In re J.E.

74 A.3d 1013, 432 N.J. Super. 361
CourtNew Jersey Superior Court Appellate Division
DecidedAugust 9, 2013
StatusPublished
Cited by6 cases

This text of 74 A.3d 1013 (In re J.E.) is published on Counsel Stack Legal Research, covering New Jersey Superior Court Appellate Division primary law. Counsel Stack provides free access to over 12 million legal documents including statutes, case law, regulations, and constitutions.

Bluebook
In re J.E., 74 A.3d 1013, 432 N.J. Super. 361 (N.J. Ct. App. 2013).

Opinion

MENDEZ, A.J.S.C.

On March 22, 2013, M.B.G. (“petitioner”) filed an emergent action seeking an order setting forth special findings as antecedent to the application by her minor sons, J.E. and J.C.,1 for Special Immigrant Juvenile Status (“SIJS”) under 8 U.S.C.A. § 1101(a)(27)(J) and 8 C.F.R. § 204.11. Petitioner also seeks an order of custody.

The core issue presented is whether there is a sufficient basis for the court to exercise jurisdiction to make special findings antecedent to an application for SIJS, pursuant to 8 U.S.C.A. [364]*364§ 1101(a)(27)(J) and 8 C.F.R. § 204.11, when the children already are in a safe placement with petitioner.

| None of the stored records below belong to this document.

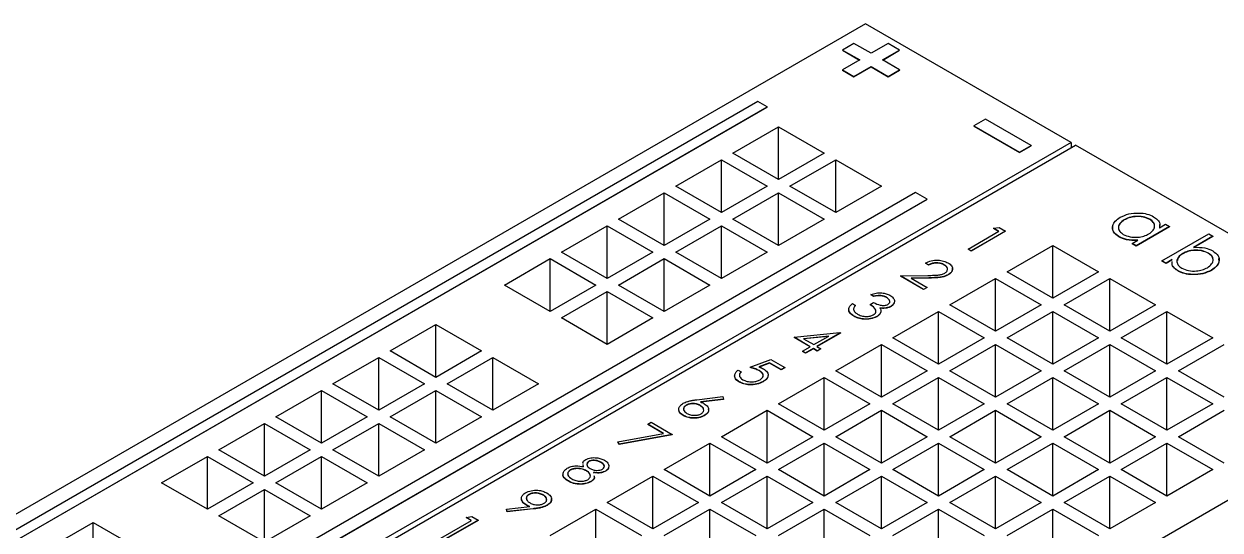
# Model space of a CAD drawing. Header units: millimetres. Extents: x 36 to 151, y 48 to 186.
# Drawn here: x 75.92 to 83.32, y 160.81 to 163.94 of the extents above; entities that cross this region are included whole.
import ezdxf

# ---------------------------------------------------------------- set-up
doc = ezdxf.new("R2010")
doc.units = ezdxf.units.MM

msp = doc.modelspace()

# ---------------------------------------------------------------- linework, layer by layer
at = {"color": 7, "linetype": 'Continuous', "lineweight": 25}
for p, q in [((81.1279, 163.9446), (69.4889, 157.2255)), ((82.4007, 163.2098), (81.1279, 163.9446)), ((81.0572, 163.8237), (80.9865, 163.7829)), ((80.9865, 163.7829), (81.0926, 163.7217)), ((80.9865, 163.7829), (80.9865, 163.7813)), ((80.9865, 163.7813), (81.0911, 163.7209)), ((81.1633, 163.7625), (81.0572, 163.8237)), ((81.2693, 163.8237), (81.1633, 163.7625)), ((81.234, 163.7217), (81.34, 163.7829)), ((81.2354, 163.7209), (81.34, 163.7813)), ((81.34, 163.7829), (81.2693, 163.8237)), ((81.34, 163.7829), (81.34, 163.7813)), ((81.0926, 163.7217), (80.9865, 163.6605)), ((81.34, 163.6605), (81.234, 163.7217)), ((80.9865, 163.6605), (81.0572, 163.6196)), ((80.9865, 163.6605), (80.9865, 163.6588)), ((80.9865, 163.6588), (81.0572, 163.618)), ((81.0572, 163.6196), (81.1633, 163.6809)), ((81.0572, 163.618), (81.1633, 163.6792)), ((81.0572, 163.6196), (81.0572, 163.618)), ((81.1633, 163.6809), (81.2693, 163.6196)), ((81.1633, 163.6809), (81.1633, 163.6792)), ((81.1633, 163.6792), (81.2693, 163.618)), ((81.2693, 163.6196), (81.34, 163.6605)), ((81.2693, 163.618), (81.34, 163.6588)), ((81.2693, 163.6196), (81.2693, 163.618)), ((81.34, 163.6605), (81.34, 163.6588)), ((80.4632, 163.4645), (70.1395, 157.5047)), ((70.196, 157.4721), (80.5198, 163.4319)), ((70.196, 157.4704), (80.5198, 163.4302)), ((80.5198, 163.4319), (80.4632, 163.4645)), ((80.5198, 163.4319), (80.5198, 163.4302)), ((81.8704, 163.3543), (81.7997, 163.3135)), ((82.1532, 163.191), (81.8704, 163.3543)), ((80.3077, 163.1445), (80.5905, 163.3078)), ((80.5905, 163.3078), (80.8733, 163.1445)), ((80.5905, 162.9812), (80.5905, 163.3078)), ((81.7997, 163.3135), (82.0825, 163.1502)), ((81.7997, 163.3135), (81.7997, 163.3118)), ((81.7997, 163.3118), (82.0825, 163.1486)), ((82.4007, 163.2098), (70.7617, 156.4908)), ((70.79, 156.4744), (82.429, 163.1935)), ((82.0825, 163.1502), (82.1532, 163.191)), ((82.0825, 163.1486), (82.1532, 163.1894)), ((82.1532, 163.191), (82.1532, 163.1894)), ((82.4007, 163.2098), (82.4009, 163.1773)), ((84.8049, 161.8219), (82.429, 163.1935)), ((79.9541, 162.9404), (80.237, 163.1037)), ((80.237, 163.1037), (80.5198, 162.9404)), ((80.237, 162.7771), (80.237, 163.1037)), ((80.5905, 162.9812), (80.3077, 163.1445)), ((80.8733, 163.1445), (80.5905, 162.9812)), ((80.6612, 162.9404), (80.9441, 163.1037)), ((80.9441, 163.1037), (81.2269, 162.9404)), ((80.9441, 162.7771), (80.9441, 163.1037)), ((82.0825, 163.1502), (82.0825, 163.1486)), ((81.439, 162.9012), (71.1153, 156.9414)), ((79.6006, 162.7363), (79.8834, 162.8996)), ((79.8834, 162.8996), (80.1662, 162.7363)), ((79.8834, 162.573), (79.8834, 162.8996)), ((80.237, 162.7771), (79.9541, 162.9404)), ((80.5198, 162.9404), (80.237, 162.7771)), ((80.3077, 162.7363), (80.5905, 162.8996)), ((80.5905, 162.8996), (80.8733, 162.7363)), ((80.5905, 162.573), (80.5905, 162.8996)), ((80.9441, 162.7771), (80.6612, 162.9404)), ((81.2269, 162.9404), (80.9441, 162.7771)), ((81.5097, 162.8604), (81.439, 162.9012)), ((71.186, 156.9006), (81.5097, 162.8604)), ((71.186, 156.899), (81.5097, 162.8587)), ((81.5097, 162.8604), (81.5097, 162.8587)), ((79.8834, 162.573), (79.6006, 162.7363)), ((80.1662, 162.7363), (79.8834, 162.573)), ((80.5905, 162.573), (80.3077, 162.7363)), ((80.8733, 162.7363), (80.5905, 162.573)), ((82.7302, 162.7326), (82.7302, 162.731)), ((82.8878, 162.7355), (82.8878, 162.7339)), ((79.247, 162.5322), (79.5298, 162.6955)), ((79.5298, 162.6955), (79.8127, 162.5322)), ((79.5298, 162.3689), (79.5298, 162.6955)), ((79.9541, 162.5322), (80.237, 162.6955)), ((80.237, 162.6955), (80.5198, 162.5322)), ((80.237, 162.3689), (80.237, 162.6955)), ((81.7632, 162.5508), (81.9536, 162.6607)), ((81.9944, 162.6622), (81.7823, 162.5398)), ((81.9944, 162.6606), (81.7823, 162.5381)), ((81.921, 162.6795), (81.9552, 162.6849)), ((81.9536, 162.6607), (81.921, 162.6795)), ((81.921, 162.6795), (81.921, 162.6779)), ((81.9522, 162.6599), (81.921, 162.6779)), ((81.9552, 162.6849), (81.9944, 162.6622)), ((81.9944, 162.6622), (81.9944, 162.6606)), ((83.011, 162.6896), (82.8043, 162.5702)), ((83.011, 162.6879), (82.8043, 162.5686)), ((82.9474, 162.6821), (82.9856, 162.7042)), ((82.9476, 162.7033), (82.9474, 162.6805)), ((82.9856, 162.7042), (83.011, 162.6896)), ((83.011, 162.6896), (83.011, 162.6879)), ((82.6973, 162.6278), (82.6973, 162.6262)), ((82.7789, 162.5849), (82.8147, 162.6055)), ((82.8043, 162.5702), (82.7789, 162.5849)), ((82.7789, 162.5849), (82.7789, 162.5833)), ((82.8043, 162.5686), (82.7789, 162.5833)), ((82.9638, 162.4781), (83.2539, 162.6456)), ((83.2793, 162.6309), (83.1584, 162.5611)), ((83.2793, 162.6293), (83.161, 162.561)), ((83.2539, 162.6456), (83.2793, 162.6309)), ((83.2793, 162.6309), (83.2793, 162.6293)), ((79.5298, 162.3689), (79.247, 162.5322)), ((79.8127, 162.5322), (79.5298, 162.3689)), ((80.237, 162.3689), (79.9541, 162.5322)), ((80.5198, 162.5322), (80.237, 162.3689)), ((81.7632, 162.5508), (81.7632, 162.5491)), ((81.7823, 162.5398), (81.7632, 162.5508)), ((81.7823, 162.5381), (81.7632, 162.5491)), ((81.7823, 162.5398), (81.7823, 162.5381)), ((82.0047, 162.4097), (82.2876, 162.573)), ((82.2876, 162.573), (82.5704, 162.4097)), ((82.2876, 162.2464), (82.2876, 162.573)), ((82.8043, 162.5702), (82.8043, 162.5686)), ((83.093, 162.5234), (83.093, 162.5217)), ((83.2506, 162.5261), (83.2506, 162.5245)), ((78.8934, 162.3281), (79.1763, 162.4914)), ((79.1763, 162.4914), (79.4591, 162.3281)), ((79.1763, 162.1648), (79.1763, 162.4914)), ((79.6006, 162.3281), (79.8834, 162.4914)), ((79.8834, 162.4914), (80.1662, 162.3281)), ((79.8834, 162.1648), (79.8834, 162.4914)), ((81.5184, 162.4534), (81.4994, 162.4644)), ((81.4994, 162.4644), (81.4994, 162.4628)), ((81.5184, 162.4518), (81.4994, 162.4628)), ((81.5184, 162.4534), (81.5184, 162.4518)), ((81.6166, 162.4533), (81.6166, 162.4517)), ((82.9892, 162.4635), (82.9638, 162.4781)), ((82.9638, 162.4781), (82.9638, 162.4765)), ((82.9892, 162.4618), (82.9638, 162.4765)), ((83.0275, 162.4856), (82.9892, 162.4635)), ((83.0275, 162.4839), (82.9892, 162.4618)), ((82.9892, 162.4635), (82.9892, 162.4618)), ((81.3444, 162.3843), (81.5145, 162.3875)), ((81.3444, 162.3843), (81.3444, 162.3827)), ((81.4885, 162.3011), (81.3444, 162.3843)), ((81.4885, 162.2995), (81.3444, 162.3827)), ((81.5213, 162.3727), (81.4116, 162.3707)), ((81.4116, 162.3707), (81.5103, 162.3137)), ((81.5213, 162.3711), (81.4143, 162.3691)), ((81.5213, 162.3727), (81.5213, 162.3711)), ((81.6403, 162.3919), (81.6403, 162.3903)), ((81.6512, 162.2056), (81.934, 162.3689)), ((81.934, 162.3689), (82.2169, 162.2056)), ((81.934, 162.0423), (81.934, 162.3689)), ((82.2876, 162.2464), (82.0047, 162.4097)), ((82.5704, 162.4097), (82.2876, 162.2464)), ((82.3583, 162.2056), (82.6411, 162.3689)), ((82.6411, 162.3689), (82.924, 162.2056)), ((82.6411, 162.0423), (82.6411, 162.3689)), ((83.0628, 162.4168), (83.0628, 162.4152)), ((83.2699, 162.4203), (83.2699, 162.4187)), ((79.1763, 162.1648), (78.8934, 162.3281)), ((79.4591, 162.3281), (79.1763, 162.1648)), ((79.247, 162.124), (79.5298, 162.2873)), ((79.5298, 162.2873), (79.8127, 162.124)), ((79.5298, 161.9607), (79.5298, 162.2873)), ((79.8834, 162.1648), (79.6006, 162.3281)), ((80.1662, 162.3281), (79.8834, 162.1648)), ((81.5103, 162.3137), (81.4885, 162.3011)), ((81.5103, 162.3121), (81.4885, 162.2995)), ((81.4885, 162.3011), (81.4885, 162.2995)), ((81.5103, 162.3137), (81.5103, 162.3121)), ((81.0479, 162.2132), (81.067, 162.2022)), ((81.1567, 162.2069), (81.1785, 162.2195)), ((81.1812, 162.2587), (81.1622, 162.2697)), ((81.1622, 162.2697), (81.1622, 162.2681)), ((81.1812, 162.2571), (81.1622, 162.2681)), ((81.1812, 162.2587), (81.1812, 162.2571)), ((81.2582, 162.252), (81.2582, 162.2503)), ((81.0554, 162.1821), (81.0543, 162.1757)), ((81.0554, 162.1805), (81.0543, 162.1741)), ((81.067, 162.2022), (81.067, 162.2006)), ((81.1567, 162.2069), (81.1567, 162.2053)), ((81.2233, 162.1676), (81.223, 162.1625)), ((81.2233, 162.1659), (81.223, 162.1609)), ((81.223, 162.1625), (81.223, 162.1609)), ((81.2866, 162.1971), (81.2866, 162.1955)), ((81.2976, 162.0015), (81.5805, 162.1648)), ((81.5805, 162.1648), (81.8633, 162.0015)), ((81.5805, 161.8382), (81.5805, 162.1648)), ((81.934, 162.0423), (81.6512, 162.2056)), ((82.2169, 162.2056), (81.934, 162.0423)), ((82.0047, 162.0015), (82.2876, 162.1648)), ((82.2876, 162.1648), (82.5704, 162.0015)), ((82.2876, 161.8382), (82.2876, 162.1648)), ((82.6411, 162.0423), (82.3583, 162.2056)), ((82.924, 162.2056), (82.6411, 162.0423)), ((82.7118, 162.0015), (82.9947, 162.1648)), ((82.9947, 162.1648), (83.2775, 162.0015)), ((82.9947, 161.8382), (82.9947, 162.1648)), ((78.1863, 161.9199), (78.4692, 162.0832)), ((78.4692, 162.0832), (78.752, 161.9199)), ((78.4692, 161.7566), (78.4692, 162.0832)), ((79.5298, 161.9607), (79.247, 162.124)), ((79.8127, 162.124), (79.5298, 161.9607)), ((81.0562, 162.1363), (81.0562, 162.1346)), ((81.198, 162.1334), (81.198, 162.1318)), ((80.6862, 162.0044), (80.9707, 162.0349)), ((80.7869, 161.9463), (80.6862, 162.0044)), ((80.6862, 162.0044), (80.6862, 162.0028)), ((80.7854, 161.9455), (80.6862, 162.0028)), ((80.9007, 162.0121), (80.7454, 161.9954)), ((80.7454, 161.9954), (80.8086, 161.9589)), ((80.8973, 162.0101), (80.7478, 161.994)), ((80.8086, 161.9589), (80.9007, 162.0121)), ((80.9745, 162.0327), (80.8277, 161.9479)), ((80.9745, 162.031), (80.8291, 161.9471)), ((80.9707, 162.0349), (80.9745, 162.0327)), ((80.9745, 162.0327), (80.9745, 162.031)), ((81.5805, 161.8382), (81.2976, 162.0015)), ((81.8633, 162.0015), (81.5805, 161.8382)), ((82.2876, 161.8382), (82.0047, 162.0015)), ((82.5704, 162.0015), (82.2876, 161.8382)), ((82.9947, 161.8382), (82.7118, 162.0015)), ((83.2775, 162.0015), (82.9947, 161.8382)), ((78.4692, 161.7566), (78.1863, 161.9199)), ((78.752, 161.9199), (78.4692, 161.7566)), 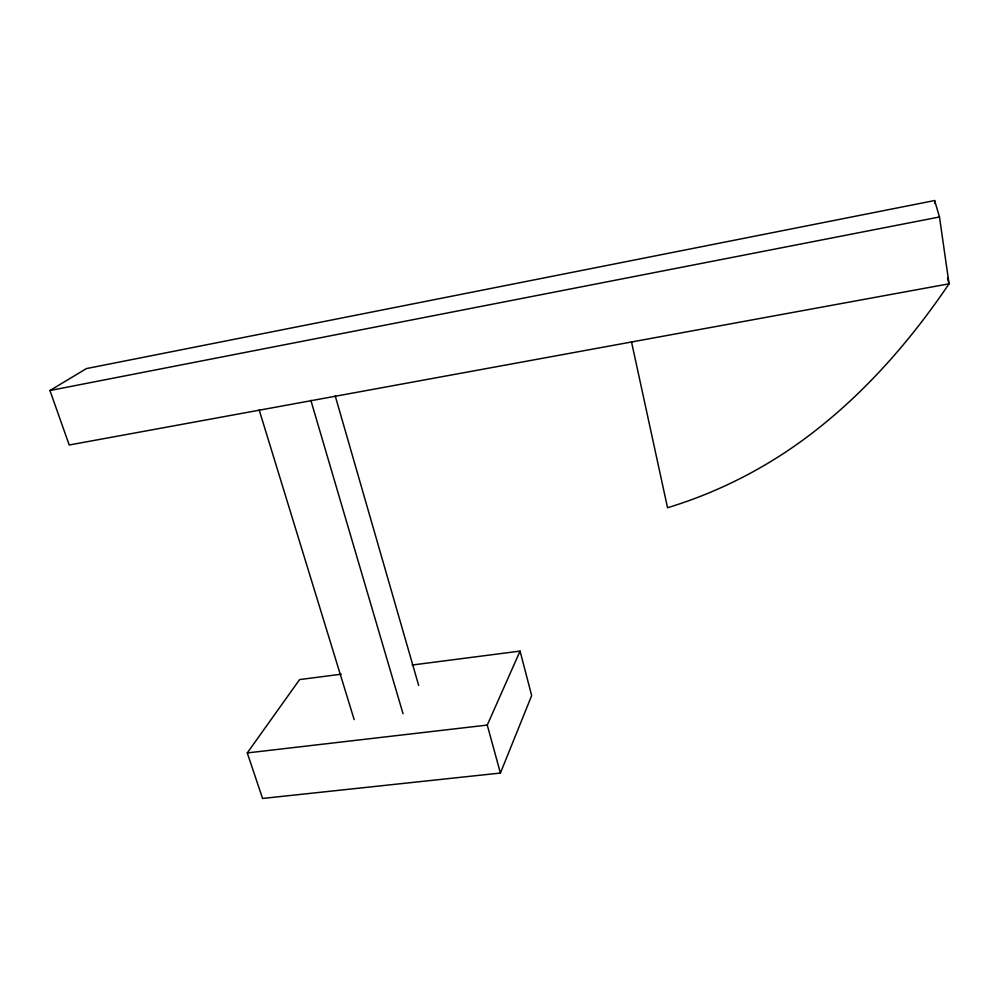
<?xml version="1.0" encoding="UTF-8"?>
<svg xmlns="http://www.w3.org/2000/svg" width="999" height="999" viewBox="0 0 999 999"><rect width="100%" height="100%" fill="white"/><g stroke="black" fill="none" stroke-linecap="round" stroke-linejoin="round"><path stroke-width="1.5" d="M341.221 674.2L299.6 679.582L247.277 752.934L262.575 798.463L500.412 773.051L531.668 695.579L520.067 651.098L412.137 665.034M500.412 773.051L487.262 725.074L520.067 651.098M947.527 278.134L949.05 283.816L69.206 445.005L49.95 390.522L86.389 368.594L934.627 200.537L939.485 216.97L949.05 283.816C909.165 342.732 861.4 397.04 803.895 439.348A507.28 474.188 82.2 0 1 667.532 507.717L631.518 341.933M49.95 390.522L939.485 216.97M247.277 752.934L487.262 725.074M259.178 409.927L354.158 719.592M310.851 400.299L403.034 713.736M335.177 395.741L418.668 685.426M934.627 200.537L935.064 203.571"/></g></svg>
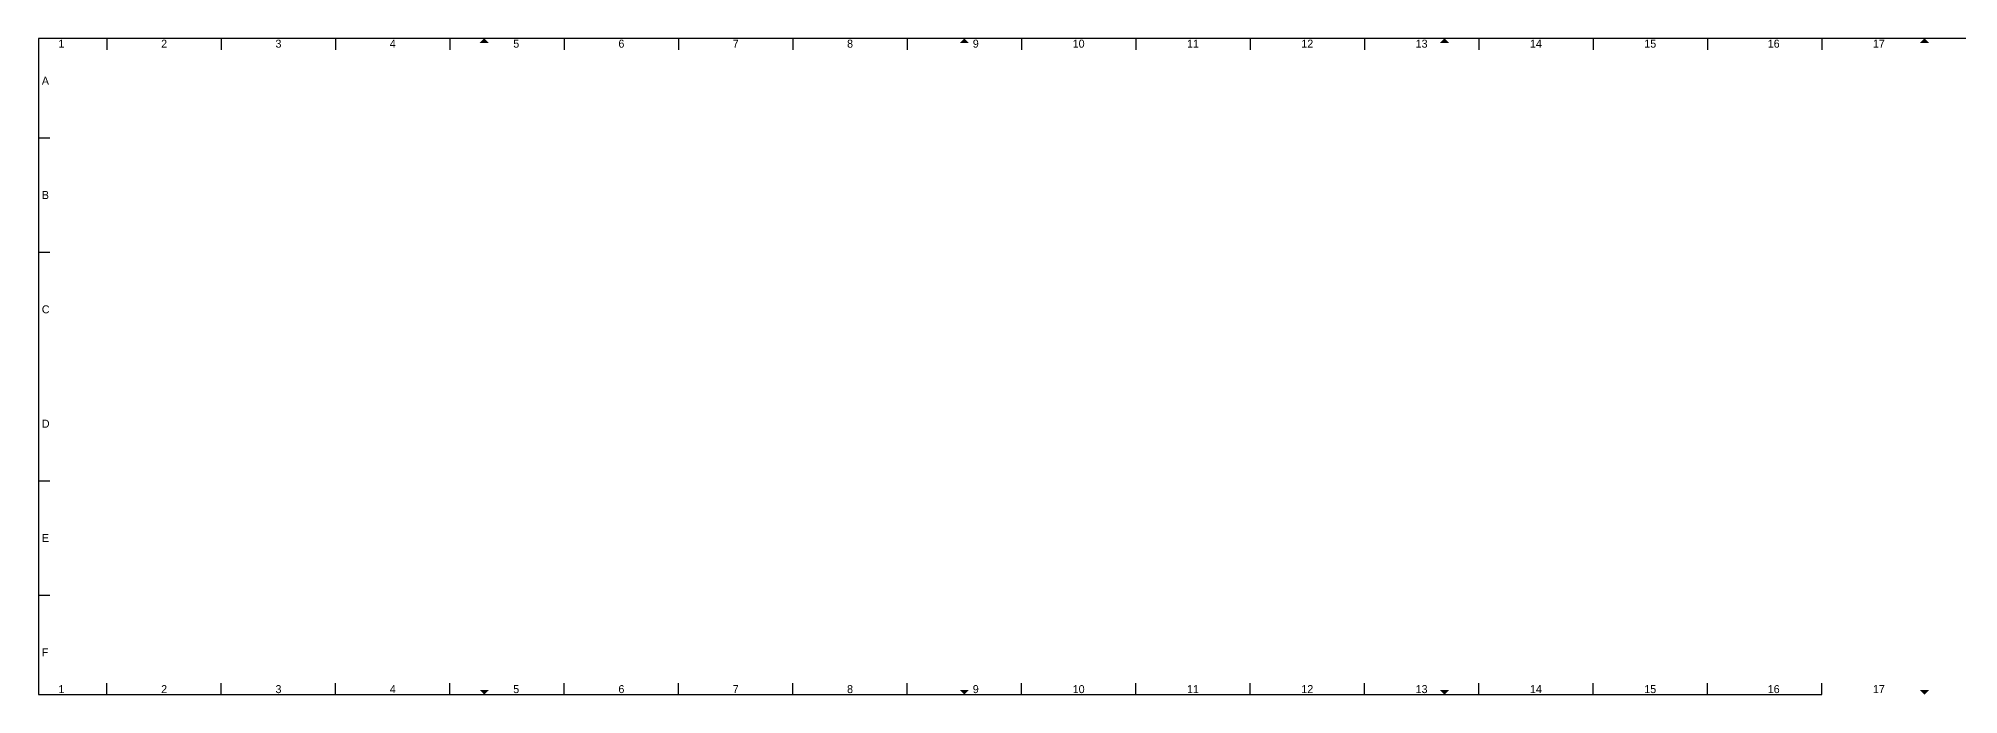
# Model space of a CAD drawing. Extents: x -5 to 1655, y -5 to 282.
# Drawn here: x -5 to 835, y -5 to 282 of the extents above; entities that cross this region are included whole.
import ezdxf
from ezdxf.enums import TextEntityAlignment as Align

# ---------------------------------------------------------------- set-up
doc = ezdxf.new("R2010")
doc.units = 0
doc.layers.add('to-xx-rooster', color=7, linetype='CONTINUOUS', lineweight=25)
doc.layers.add('to-xx-vouwmerk', color=7, linetype='CONTINUOUS', lineweight=18)
doc.styles.add('RTW_ISO', font='iso-rtw.shx')

msp = doc.modelspace()

# ---------------------------------------------------------------- hatches: boundary and pattern name
at = {"layer": 'to-xx-vouwmerk'}
for points in [[(192, 280), (190, 282), (188, 280)], [(402, 280), (400, 282), (398, 280)], [(612, 280), (610, 282), (608, 280)], [(822, 280), (820, 282), (818, 280)], [(188.04, -2.96), (190, -5), (192.04, -3.04)], [(398, -3), (400, -5), (402, -3)], [(608.02, -2.98), (610, -5), (612.02, -3.02)], [(818, -3), (820, -5), (822, -3)]]:
    msp.add_hatch(color=256, dxfattribs=at).paths.add_polyline_path(points)

# ---------------------------------------------------------------- linework, layer by layer
at = {"layer": 'to-xx-rooster'}
for p, q in [((1655, 282), (-5, 282)), ((-5, 282), (-5, -5)), ((25, 282), (25, 277)), ((75, 282), (75, 277)), ((125, 282), (125, 277)), ((175, 282), (175, 277)), ((225, 282), (225, 277)), ((275, 282), (275, 277)), ((325, 282), (325, 277)), ((375, 282), (375, 277)), ((425, 282), (425, 277)), ((475, 282), (475, 277)), ((525, 282), (525, 277)), ((575, 282), (575, 277)), ((625, 282), (625, 277)), ((675, 282), (675, 277)), ((725, 282), (725, 277)), ((775, 282), (775, 277)), ((-5, 238.5), (0, 238.5)), ((-5, 188.5), (0, 188.5)), ((-5, 88.5), (0, 88.5)), ((-5, 38.5), (0, 38.5)), ((25, -5), (25, 0)), ((75, -5), (75, 0)), ((125, -5), (125, 0)), ((175, -5), (175, 0)), ((225, -5), (225, 0)), ((275, -5), (275, 0)), ((325, -5), (325, 0)), ((375, -5), (375, 0)), ((425, -5), (425, 0)), ((475, -5), (475, 0)), ((525, -5), (525, 0)), ((575, -5), (575, 0)), ((625, -5), (625, 0)), ((675, -5), (675, 0)), ((725, -5), (725, 0)), ((775, -5), (775, 0)), ((-5, -5), (775, -5))]:
    msp.add_line(p, q, dxfattribs=at)

# ---------------------------------------------------------------- texts
at = {"layer": 'to-xx-rooster', "style": 'RTW_ISO'}
for s, p in [('1', (5.05, 276.9)), ('2', (50, 276.9)), ('3', (100, 276.9)), ('4', (150, 276.9)), ('5', (204, 276.9)), ('6', (250, 276.9)), ('7', (300, 276.9)), ('8', (350, 276.9)), ('9', (405, 276.9)), ('10', (450, 276.9)), ('11', (500, 276.9)), ('12', (550, 276.9)), ('13', (600, 276.9)), ('14', (650, 276.9)), ('15', (700, 276.9)), ('16', (754, 276.9)), ('17', (800, 276.9)), ('1', (5.05, -5.4)), ('2', (50, -5.4)), ('3', (100, -5.4)), ('4', (150, -5.4)), ('5', (204, -5.4)), ('6', (250, -5.4)), ('7', (300, -5.4)), ('8', (350, -5.4)), ('9', (405, -5.4)), ('10', (450, -5.4)), ('11', (500, -5.4)), ('12', (550, -5.4)), ('13', (600, -5.4)), ('14', (650, -5.4)), ('15', (700, -5.4)), ('16', (754, -5.4)), ('17', (800, -5.4))]:
    msp.add_text(s, height=3.5, dxfattribs=at).set_placement(p, align=Align.BOTTOM_CENTER)
for s, p in [('A', (-3.5, 263.5)), ('B', (-3.5, 213.5)), ('C', (-3.5, 163.5)), ('D', (-3.5, 113.5)), ('E', (-3.5, 63.5)), ('F', (-3.5, 13.5))]:
    msp.add_text(s, height=3.5, dxfattribs=at).set_placement(p, align=Align.MIDDLE_LEFT)

doc.saveas('drawing.dxf')

For the reasons placed on the record and as outlined below, the court grants petitioner custody of her two minor sons, J.E. and J.C. The court also makes the special findings needed for the boys to qualify for SIJS, allowing them to petition the United States Customs and Immigration Services for SIJS pursuant to 8 U.S.C.A. § 1101 (a)(27)(J) and 8 C.F.R. § 204.11.

I.

Facts and Procedural Background

Based on the verified representations made in the petition and the proofs adduced in the hearing conducted in this matter, the court makes the following findings of fact. Petitioner is the biological mother of her minor sons, J.E. and J.C. Petitioner is a citizen of El Salvador and her two sons are citizens of Honduras. Petitioner arrived in the United States sometime in 2000 and has resided in Hammonton, Atlantic County, New Jersey continuously since then. Petitioner was first granted Temporary Protected Status (“TPS”) in the United States on February 5, 2002, and she has obtained an extension of her TPS on an annual basis. Petitioner’s current TPS is set to expire on September 9, 2013; unless her TPS is extended once again, she will have no lawful basis to remain in the United States past its expiration date.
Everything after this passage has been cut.